Im Video zu „Force Majeure“ schmieden türkische Arbeiter aus Feuer und Eisen Schlagzeugbecken, deren Bestimmung Augé sogleich in High-End-Qualität demonstriert. In „Hey!“ lässt er einen mongolischen Reiter auf einer Geige spielend durch die Steppe galoppieren. Im Trailer zu „Captain“ flieht er vor einem Scharfschützen, der als Schießgerät einen E-Bass verwendet. Das alles ist süperkreativ, originell und schrullig und verdient unseren höchsten Respekt. „Ich wollte etwas Naives machen, das auf den Unity-Geist der Menschen abzielt. Ich glaube, wir alle träumen im Grunde von den selben Dingen, ein friedliches, erfülltes Leben, das Album soll ein Symbol dafür sein“ sagt Augé.

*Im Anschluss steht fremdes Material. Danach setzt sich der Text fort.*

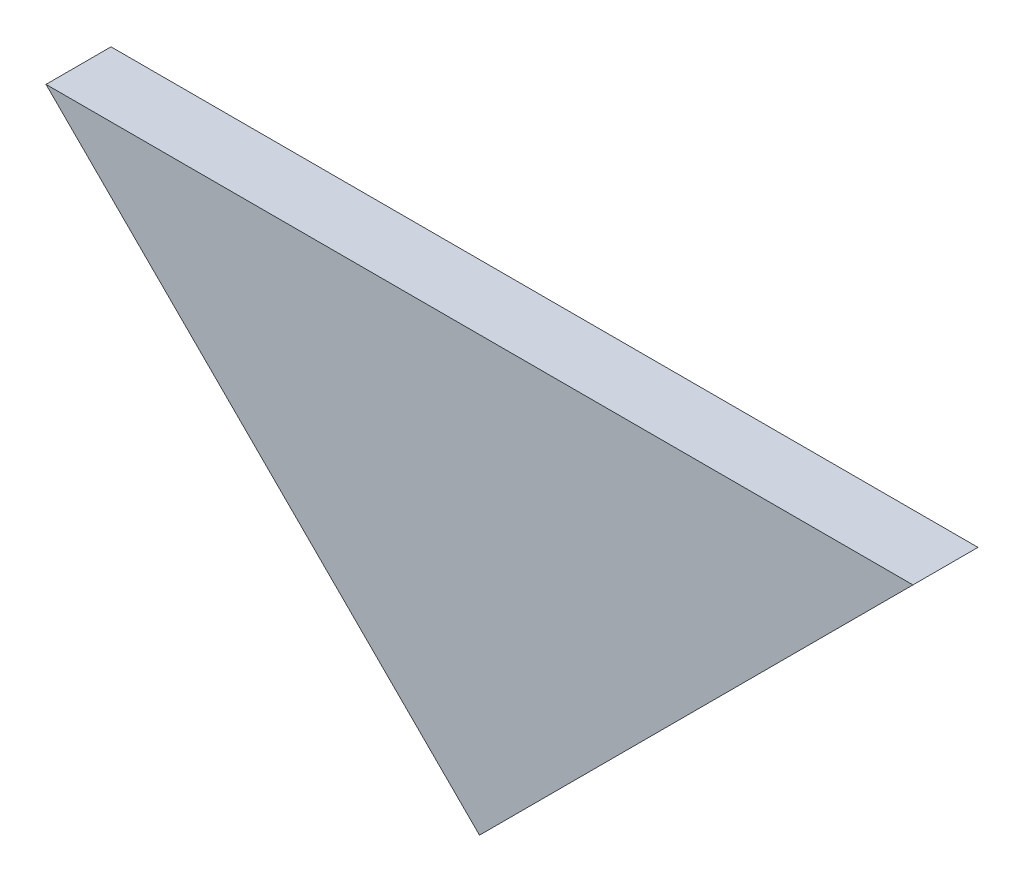
SolidWorks part; units mm, degrees
ref_plane "Front Plane" through (0, 0, 0) normal (0, 0, 1) x (1, 0, 0)
ref_plane "Top Plane" through (0, 0, 0) normal (0, 1, 0) x (1, 0, 0)
ref_plane "Right Plane" through (0, 0, 0) normal (1, 0, 0) x (0, 0, -1)
sketch "Sketch1" plane through (0, 0, 0) normal (0, 0, 1) x (1, 0, 0)
  line L0 (0, 0) -> (40, 40)
  line L1 (40, 40) -> (-40, 40)
  line L2 (-40, 40) -> (0, 0)
  line L3 (0, 0) -> (0, 40) construction
  dimension "D1" = 40
  dimension "D2" = 90
extrude "Boss-Extrude1" add sketch "Sketch1" along normal blind 6 contours L1 L2 L0

Eine erfüllte Vision: Die BBC machte „Force Majeure“ zum Intro-Song für die Berichterstattun zur laufenden Fußball Europameisterschaft

„Escapades“ ist ein wilder Ritt in eine idealisierte Vergangenheit. Gaspard Augé fährt große Synthesizer-Geschütze auf zwischen Bombast, Kitsch und Erhabenheit. Das Sympathische daran, der Justice-Solist macht keinen Hehl daraus und lädt uns alle auf seine durchgeknallten Retro-Party ein – Barockkostüme und gepuderte Perücken sind dabei ausdrücklich erwünscht.